• **EXERCISE BRIEF**
Retype every line from the start of the data down to and including the line with "#23=PLANE('',#22);". Skip the pictures.

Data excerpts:
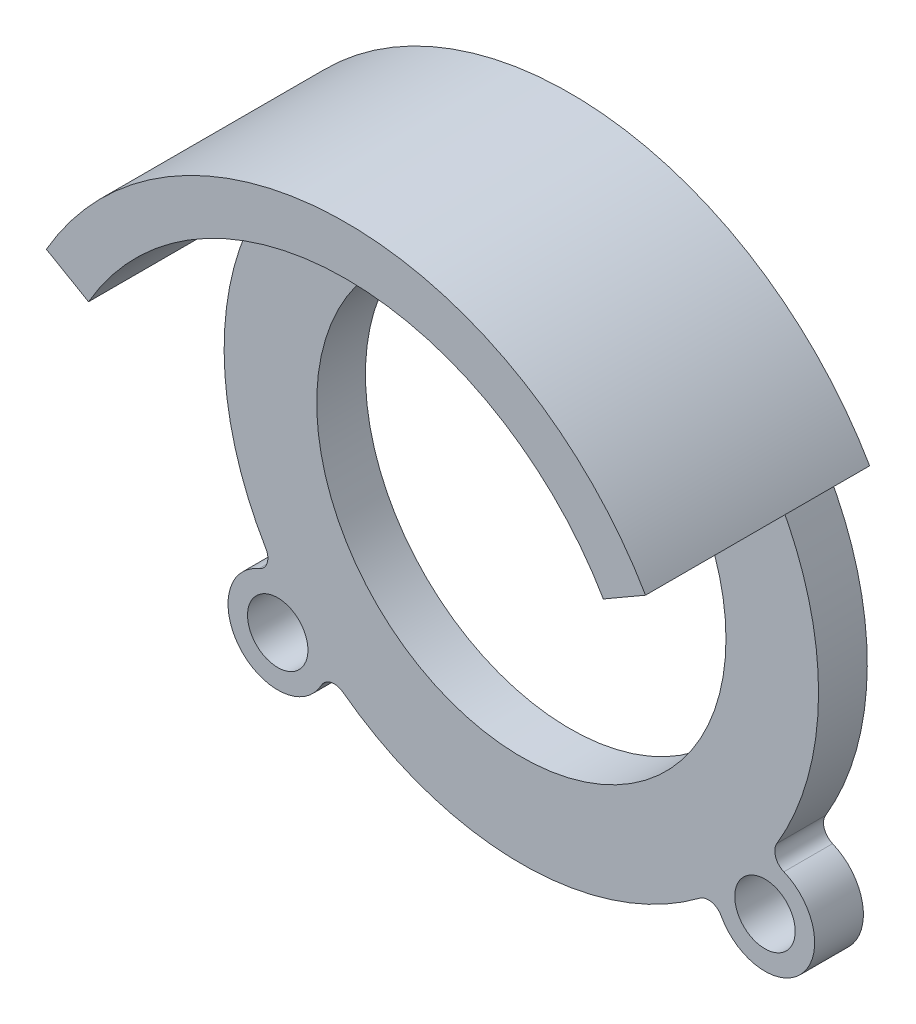
ISO-10303-21;
HEADER;
FILE_DESCRIPTION(('STEP AP214'),'2;1');
FILE_NAME('part.step','',(''),(''),'','','');
FILE_SCHEMA(('AUTOMOTIVE_DESIGN { 1 0 10303 214 1 1 1 1 }'));
ENDSEC;
DATA;
#1=APPLICATION_CONTEXT('core data for automotive mechanical design processes');
#2=APPLICATION_PROTOCOL_DEFINITION('international standard','automotive_design',2000,#1);
#3=PRODUCT_CONTEXT('',#1,'mechanical');
#4=PRODUCT('Part','Part','',(#3));
#5=PRODUCT_RELATED_PRODUCT_CATEGORY('part','',(#4));
#6=PRODUCT_DEFINITION_FORMATION('','',#4);
#7=PRODUCT_DEFINITION_CONTEXT('part definition',#1,'design');
#8=PRODUCT_DEFINITION('design','',#6,#7);
#9=PRODUCT_DEFINITION_SHAPE('','',#8);
#10=(LENGTH_UNIT() NAMED_UNIT(*) SI_UNIT(.MILLI.,.METRE.));
#11=(NAMED_UNIT(*) PLANE_ANGLE_UNIT() SI_UNIT($,.RADIAN.));
#12=(NAMED_UNIT(*) SI_UNIT($,.STERADIAN.) SOLID_ANGLE_UNIT());
#13=UNCERTAINTY_MEASURE_WITH_UNIT(LENGTH_MEASURE(1.E-05),#10,'distance_accuracy_value','');
#14=(GEOMETRIC_REPRESENTATION_CONTEXT(3) GLOBAL_UNCERTAINTY_ASSIGNED_CONTEXT((#13)) GLOBAL_UNIT_ASSIGNED_CONTEXT((#10,
#11,#12)) REPRESENTATION_CONTEXT('',''));
#15=CARTESIAN_POINT('',(0.,0.,0.));
#16=DIRECTION('',(0.,0.,1.));
#17=DIRECTION('',(1.,0.,0.));
#18=AXIS2_PLACEMENT_3D('',#15,#16,#17);
#19=CARTESIAN_POINT('',(0.,0.,5.));
#20=DIRECTION('',(0.,0.,-1.));
#21=DIRECTION('',(-1.,0.,0.));
#22=AXIS2_PLACEMENT_3D('',#19,#20,#21);
#23=PLANE('',#22);
#24=CARTESIAN_POINT('',(-25.,-22.4490534321606,5.));
#25=DIRECTION('',(0.,0.,1.));
#26=DIRECTION('',(1.,0.,0.));
#27=AXIS2_PLACEMENT_3D('',#24,#25,#26);
#28=CIRCLE('',#27,3.1);
#29=CARTESIAN_POINT('',(-21.9,-22.4490534321606,5.));
#30=VERTEX_POINT('',#29);
#31=EDGE_CURVE('E282',#30,#30,#28,.T.);
#32=ORIENTED_EDGE('',*,*,#31,.F.);
#33=EDGE_LOOP('',(#32));
#34=FACE_BOUND('',#33,.T.);
#35=CARTESIAN_POINT('',(25.,-22.4490534321606,5.));
#36=DIRECTION('',(0.,0.,1.));
#37=DIRECTION('',(1.,0.,0.));
#38=AXIS2_PLACEMENT_3D('',#35,#36,#37);
#39=CIRCLE('',#38,3.1);
#40=CARTESIAN_POINT('',(28.1,-22.4490534321606,5.));
#41=VERTEX_POINT('',#40);
#42=EDGE_CURVE('E274',#41,#41,#39,.T.);
#43=ORIENTED_EDGE('',*,*,#42,.F.);
#44=EDGE_LOOP('',(#43));
#45=FACE_BOUND('',#44,.T.);
#46=CARTESIAN_POINT('',(0.,0.,5.));
#47=DIRECTION('',(0.,0.,1.));
#48=DIRECTION('',(1.,0.,0.));
#49=AXIS2_PLACEMENT_3D('',#46,#47,#48);
#50=CIRCLE('',#49,21.);
#51=CARTESIAN_POINT('',(21.,0.,5.));
#52=VERTEX_POINT('',#51);
#53=EDGE_CURVE('E173',#52,#52,#50,.T.);
#54=ORIENTED_EDGE('',*,*,#53,.F.);
#55=EDGE_LOOP('',(#54));
#56=FACE_BOUND('',#55,.T.);
#57=CARTESIAN_POINT('',(0.,0.,5.));
#58=DIRECTION('',(0.,0.,-1.));
#59=DIRECTION('',(-1.,0.,0.));
#60=AXIS2_PLACEMENT_3D('',#57,#58,#59);
#61=CIRCLE('',#60,30.5);
#62=CARTESIAN_POINT('',(-26.4137748154254,15.2499999999999,5.));
#63=VERTEX_POINT('',#62);
#64=CARTESIAN_POINT('',(26.4137748154254,15.25,5.));
#65=VERTEX_POINT('',#64);
#66=EDGE_CURVE('E113',#63,#65,#61,.T.);
#67=ORIENTED_EDGE('',*,*,#66,.F.);
#68=CARTESIAN_POINT('',(0.,0.,5.));
#69=DIRECTION('',(0.,0.,1.));
#70=DIRECTION('',(1.,0.,0.));
#71=AXIS2_PLACEMENT_3D('',#68,#69,#70);
#72=CIRCLE('',#71,30.5);
#73=CARTESIAN_POINT('',(-26.2210538799125,-15.579035060835,5.));
#74=VERTEX_POINT('',#73);
#75=EDGE_CURVE('E203',#63,#74,#72,.T.);
#76=ORIENTED_EDGE('',*,*,#75,.T.);
#77=CARTESIAN_POINT('',(-27.5106139067934,-16.3452171130072,5.));
#78=DIRECTION('',(0.,0.,-1.));
#79=DIRECTION('',(1.,0.,0.));
#80=AXIS2_PLACEMENT_3D('',#77,#78,#79);
#81=CIRCLE('',#80,1.5);
#82=CARTESIAN_POINT('',(-26.9400198370676,-17.7324526400875,5.));
#83=VERTEX_POINT('',#82);
#84=EDGE_CURVE('E260',#74,#83,#81,.T.);
#85=ORIENTED_EDGE('',*,*,#84,.T.);
#86=CARTESIAN_POINT('',(-25.,-22.4490534321606,5.));
#87=DIRECTION('',(0.,0.,1.));
#88=DIRECTION('',(1.,0.,0.));
#89=AXIS2_PLACEMENT_3D('',#86,#87,#88);
#90=CIRCLE('',#89,5.1);
#91=CARTESIAN_POINT('',(-20.5185824485436,-24.8835753009262,5.));
#92=VERTEX_POINT('',#91);
#93=EDGE_CURVE('E256',#83,#92,#90,.T.);
#94=ORIENTED_EDGE('',*,*,#93,.T.);
#95=CARTESIAN_POINT('',(-19.2005184628211,-25.5996111446808,5.));
#96=DIRECTION('',(0.,0.,-1.));
#97=DIRECTION('',(1.,0.,0.));
#98=AXIS2_PLACEMENT_3D('',#95,#96,#97);
#99=CIRCLE('',#98,1.5);
#100=CARTESIAN_POINT('',(-18.3004941598763,-24.3996293722739,5.));
#101=VERTEX_POINT('',#100);
#102=EDGE_CURVE('E259',#92,#101,#99,.T.);
#103=ORIENTED_EDGE('',*,*,#102,.T.);
#104=CARTESIAN_POINT('',(0.,0.,5.));
#105=DIRECTION('',(0.,0.,1.));
#106=DIRECTION('',(1.,0.,0.));
#107=AXIS2_PLACEMENT_3D('',#104,#105,#106);
#108=CIRCLE('',#107,30.5);
#109=CARTESIAN_POINT('',(18.3004941598763,-24.3996293722739,5.));
#110=VERTEX_POINT('',#109);
#111=EDGE_CURVE('E139',#101,#110,#108,.T.);
#112=ORIENTED_EDGE('',*,*,#111,.T.);
#113=CARTESIAN_POINT('',(19.2005184628211,-25.5996111446808,5.));
#114=DIRECTION('',(0.,0.,-1.));
#115=DIRECTION('',(1.,0.,0.));
#116=AXIS2_PLACEMENT_3D('',#113,#114,#115);
#117=CIRCLE('',#116,1.5);
#118=CARTESIAN_POINT('',(20.5185824485436,-24.8835753009262,5.));
#119=VERTEX_POINT('',#118);
#120=EDGE_CURVE('E133',#110,#119,#117,.T.);
#121=ORIENTED_EDGE('',*,*,#120,.T.);
#122=CARTESIAN_POINT('',(25.,-22.4490534321606,5.));
#123=DIRECTION('',(0.,0.,1.));
#124=DIRECTION('',(1.,0.,0.));
#125=AXIS2_PLACEMENT_3D('',#122,#123,#124);
#126=CIRCLE('',#125,5.1);
#127=CARTESIAN_POINT('',(26.9400198370677,-17.7324526400875,5.));
#128=VERTEX_POINT('',#127);
#129=EDGE_CURVE('E136',#119,#128,#126,.T.);
#130=ORIENTED_EDGE('',*,*,#129,.T.);
#131=CARTESIAN_POINT('',(27.5106139067934,-16.3452171130072,5.));
#132=DIRECTION('',(0.,0.,-1.));
#133=DIRECTION('',(1.,0.,0.));
#134=AXIS2_PLACEMENT_3D('',#131,#132,#133);
#135=CIRCLE('',#134,1.5);
#136=CARTESIAN_POINT('',(26.2210538799125,-15.579035060835,5.));
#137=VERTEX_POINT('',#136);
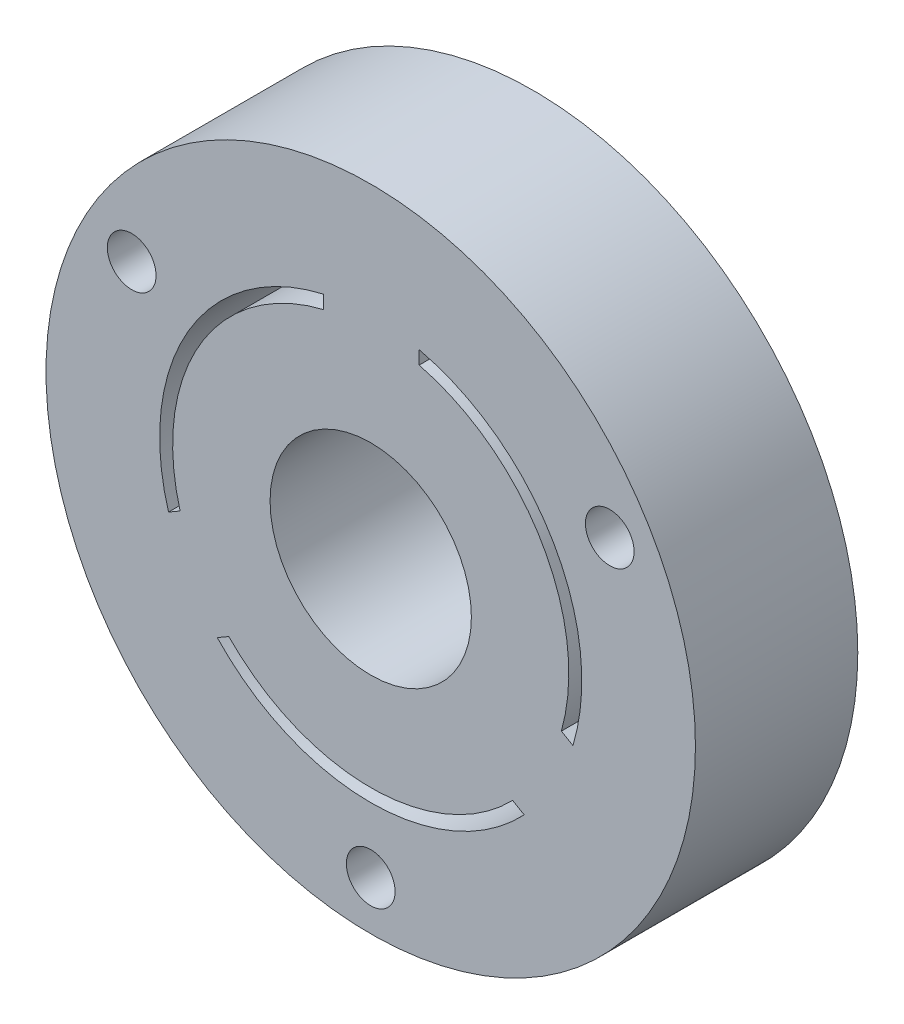
ISO-10303-21;
HEADER;
FILE_DESCRIPTION(('STEP AP214'),'2;1');
FILE_NAME('part.step','',(''),(''),'','','');
FILE_SCHEMA(('AUTOMOTIVE_DESIGN { 1 0 10303 214 1 1 1 1 }'));
ENDSEC;
DATA;
#1=APPLICATION_CONTEXT('core data for automotive mechanical design processes');
#2=APPLICATION_PROTOCOL_DEFINITION('international standard','automotive_design',2000,#1);
#3=PRODUCT_CONTEXT('',#1,'mechanical');
#4=PRODUCT('Part','Part','',(#3));
#5=PRODUCT_RELATED_PRODUCT_CATEGORY('part','',(#4));
#6=PRODUCT_DEFINITION_FORMATION('','',#4);
#7=PRODUCT_DEFINITION_CONTEXT('part definition',#1,'design');
#8=PRODUCT_DEFINITION('design','',#6,#7);
#9=PRODUCT_DEFINITION_SHAPE('','',#8);
#10=(LENGTH_UNIT() NAMED_UNIT(*) SI_UNIT(.MILLI.,.METRE.));
#11=(NAMED_UNIT(*) PLANE_ANGLE_UNIT() SI_UNIT($,.RADIAN.));
#12=(NAMED_UNIT(*) SI_UNIT($,.STERADIAN.) SOLID_ANGLE_UNIT());
#13=UNCERTAINTY_MEASURE_WITH_UNIT(LENGTH_MEASURE(1.E-05),#10,'distance_accuracy_value','');
#14=(GEOMETRIC_REPRESENTATION_CONTEXT(3) GLOBAL_UNCERTAINTY_ASSIGNED_CONTEXT((#13)) GLOBAL_UNIT_ASSIGNED_CONTEXT((#10,
#11,#12)) REPRESENTATION_CONTEXT('',''));
#15=CARTESIAN_POINT('',(0.,0.,0.));
#16=DIRECTION('',(0.,0.,1.));
#17=DIRECTION('',(1.,0.,0.));
#18=AXIS2_PLACEMENT_3D('',#15,#16,#17);
#19=CARTESIAN_POINT('',(48.2964743549606,27.9249074552953,5.));
#20=DIRECTION('',(0.,0.,-1.));
#21=DIRECTION('',(-1.,0.,0.));
#22=AXIS2_PLACEMENT_3D('',#19,#20,#21);
#23=CYLINDRICAL_SURFACE('',#22,6.50000000000001);
#24=CARTESIAN_POINT('',(48.2964743549606,27.9249074552953,0.));
#25=DIRECTION('',(0.,0.,1.));
#26=DIRECTION('',(1.,0.,0.));
#27=AXIS2_PLACEMENT_3D('',#24,#25,#26);
#28=CIRCLE('',#27,6.50000000000001);
#29=CARTESIAN_POINT('',(54.5236999300122,26.0616679008035,0.));
#30=VERTEX_POINT('',#29);
#31=CARTESIAN_POINT('',(49.7879309777147,34.2514829225163,0.));
#32=VERTEX_POINT('',#31);
#33=EDGE_CURVE('E215',#30,#32,#28,.T.);
#34=ORIENTED_EDGE('',*,*,#33,.F.);
#35=DIRECTION('',(0.,0.,-1.));
#36=VECTOR('',#35,1.);
#37=CARTESIAN_POINT('',(54.5236999300122,26.0616679008035,5.));
#38=LINE('',#37,#36);
#39=CARTESIAN_POINT('',(54.5236999300122,26.0616679008035,5.));
#40=VERTEX_POINT('',#39);
#41=EDGE_CURVE('E11',#40,#30,#38,.T.);
#42=ORIENTED_EDGE('',*,*,#41,.F.);
#43=CARTESIAN_POINT('',(48.2964743549606,27.9249074552953,5.));
#44=DIRECTION('',(0.,0.,1.));
#45=DIRECTION('',(1.,0.,0.));
#46=AXIS2_PLACEMENT_3D('',#43,#44,#45);
#47=CIRCLE('',#46,6.50000000000001);
#48=CARTESIAN_POINT('',(49.7879309777147,34.2514829225163,5.));
#49=VERTEX_POINT('',#48);
#50=EDGE_CURVE('E147',#40,#49,#47,.T.);
#51=ORIENTED_EDGE('',*,*,#50,.T.);
#52=DIRECTION('',(0.,0.,-1.));
#53=VECTOR('',#52,1.);
#54=CARTESIAN_POINT('',(49.7879309777147,34.2514829225163,5.));
#55=LINE('',#54,#53);
#56=EDGE_CURVE('E54',#49,#32,#55,.T.);
#57=ORIENTED_EDGE('',*,*,#56,.T.);
#58=EDGE_LOOP('',(#34,#42,#51,#57));
#59=FACE_BOUND('',#58,.T.);
#60=ADVANCED_FACE('F35',(#59),#23,.F.);
#61=CARTESIAN_POINT('',(24.9159582160477,43.1557055494579,5.));
#62=DIRECTION('',(-0.5,-0.866025403784439,0.));
#63=DIRECTION('',(0.866025403784439,-0.5,0.));
#64=AXIS2_PLACEMENT_3D('',#61,#62,#63);
#65=PLANE('',#64);
#66=DIRECTION('',(-0.866025403784439,0.5,0.));
#67=VECTOR('',#66,1.);
#68=CARTESIAN_POINT('',(24.9159582160477,43.1557055494579,0.));
#69=LINE('',#68,#67);
#70=CARTESIAN_POINT('',(54.1670212007574,26.267596461153,0.));
#71=VERTEX_POINT('',#70);
#72=EDGE_CURVE('E152',#30,#71,#69,.T.);
#73=ORIENTED_EDGE('',*,*,#72,.T.);
#74=DIRECTION('',(0.,0.,-1.));
#75=VECTOR('',#74,1.);
#76=CARTESIAN_POINT('',(54.1670212007574,26.267596461153,5.));
#77=LINE('',#76,#75);
#78=CARTESIAN_POINT('',(54.1670212007574,26.267596461153,5.));
#79=VERTEX_POINT('',#78);
#80=EDGE_CURVE('E45',#79,#71,#77,.T.);
#81=ORIENTED_EDGE('',*,*,#80,.F.);
#82=DIRECTION('',(-0.866025403784439,0.5,0.));
#83=VECTOR('',#82,1.);
#84=CARTESIAN_POINT('',(24.9159582160477,43.1557055494579,5.));
#85=LINE('',#84,#83);
#86=EDGE_CURVE('E139',#40,#79,#85,.T.);
#87=ORIENTED_EDGE('',*,*,#86,.F.);
#88=ORIENTED_EDGE('',*,*,#41,.T.);
#89=EDGE_LOOP('',(#73,#81,#87,#88));
#90=FACE_BOUND('',#89,.T.);
#91=ADVANCED_FACE('F150',(#90),#65,.F.);
#92=CARTESIAN_POINT('',(48.2964743549606,27.9249074552953,5.));
#93=DIRECTION('',(0.,0.,-1.));
#94=DIRECTION('',(-1.,0.,0.));
#95=AXIS2_PLACEMENT_3D('',#92,#93,#94);
#96=CYLINDRICAL_SURFACE('',#95,6.1);
#97=CARTESIAN_POINT('',(48.2964743549606,27.9249074552953,0.));
#98=DIRECTION('',(0.,0.,1.));
#99=DIRECTION('',(1.,0.,0.));
#100=AXIS2_PLACEMENT_3D('',#97,#98,#99);
#101=CIRCLE('',#100,6.1);
#102=CARTESIAN_POINT('',(49.7879309777147,33.8397664681918,0.));
#103=VERTEX_POINT('',#102);
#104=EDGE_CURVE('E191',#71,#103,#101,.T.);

• **ANSWER TO THIS PROBLEM**
ISO-10303-21;
HEADER;
FILE_DESCRIPTION(('STEP AP214'),'2;1');
FILE_NAME('part.step','',(''),(''),'','','');
FILE_SCHEMA(('AUTOMOTIVE_DESIGN { 1 0 10303 214 1 1 1 1 }'));
ENDSEC;
DATA;
#1=APPLICATION_CONTEXT('core data for automotive mechanical design processes');
#2=APPLICATION_PROTOCOL_DEFINITION('international standard','automotive_design',2000,#1);
#3=PRODUCT_CONTEXT('',#1,'mechanical');
#4=PRODUCT('Part','Part','',(#3));
#5=PRODUCT_RELATED_PRODUCT_CATEGORY('part','',(#4));
#6=PRODUCT_DEFINITION_FORMATION('','',#4);
#7=PRODUCT_DEFINITION_CONTEXT('part definition',#1,'design');
#8=PRODUCT_DEFINITION('design','',#6,#7);
#9=PRODUCT_DEFINITION_SHAPE('','',#8);
#10=(LENGTH_UNIT() NAMED_UNIT(*) SI_UNIT(.MILLI.,.METRE.));
#11=(NAMED_UNIT(*) PLANE_ANGLE_UNIT() SI_UNIT($,.RADIAN.));
#12=(NAMED_UNIT(*) SI_UNIT($,.STERADIAN.) SOLID_ANGLE_UNIT());
#13=UNCERTAINTY_MEASURE_WITH_UNIT(LENGTH_MEASURE(1.E-05),#10,'distance_accuracy_value','');
#14=(GEOMETRIC_REPRESENTATION_CONTEXT(3) GLOBAL_UNCERTAINTY_ASSIGNED_CONTEXT((#13)) GLOBAL_UNIT_ASSIGNED_CONTEXT((#10,
#11,#12)) REPRESENTATION_CONTEXT('',''));
#15=CARTESIAN_POINT('',(0.,0.,0.));
#16=DIRECTION('',(0.,0.,1.));
#17=DIRECTION('',(1.,0.,0.));
#18=AXIS2_PLACEMENT_3D('',#15,#16,#17);
#19=CARTESIAN_POINT('',(0.,0.,5.));
#20=DIRECTION('',(0.,0.,-1.));
#21=DIRECTION('',(-1.,0.,0.));
#22=AXIS2_PLACEMENT_3D('',#19,#20,#21);
#23=PLANE('',#22);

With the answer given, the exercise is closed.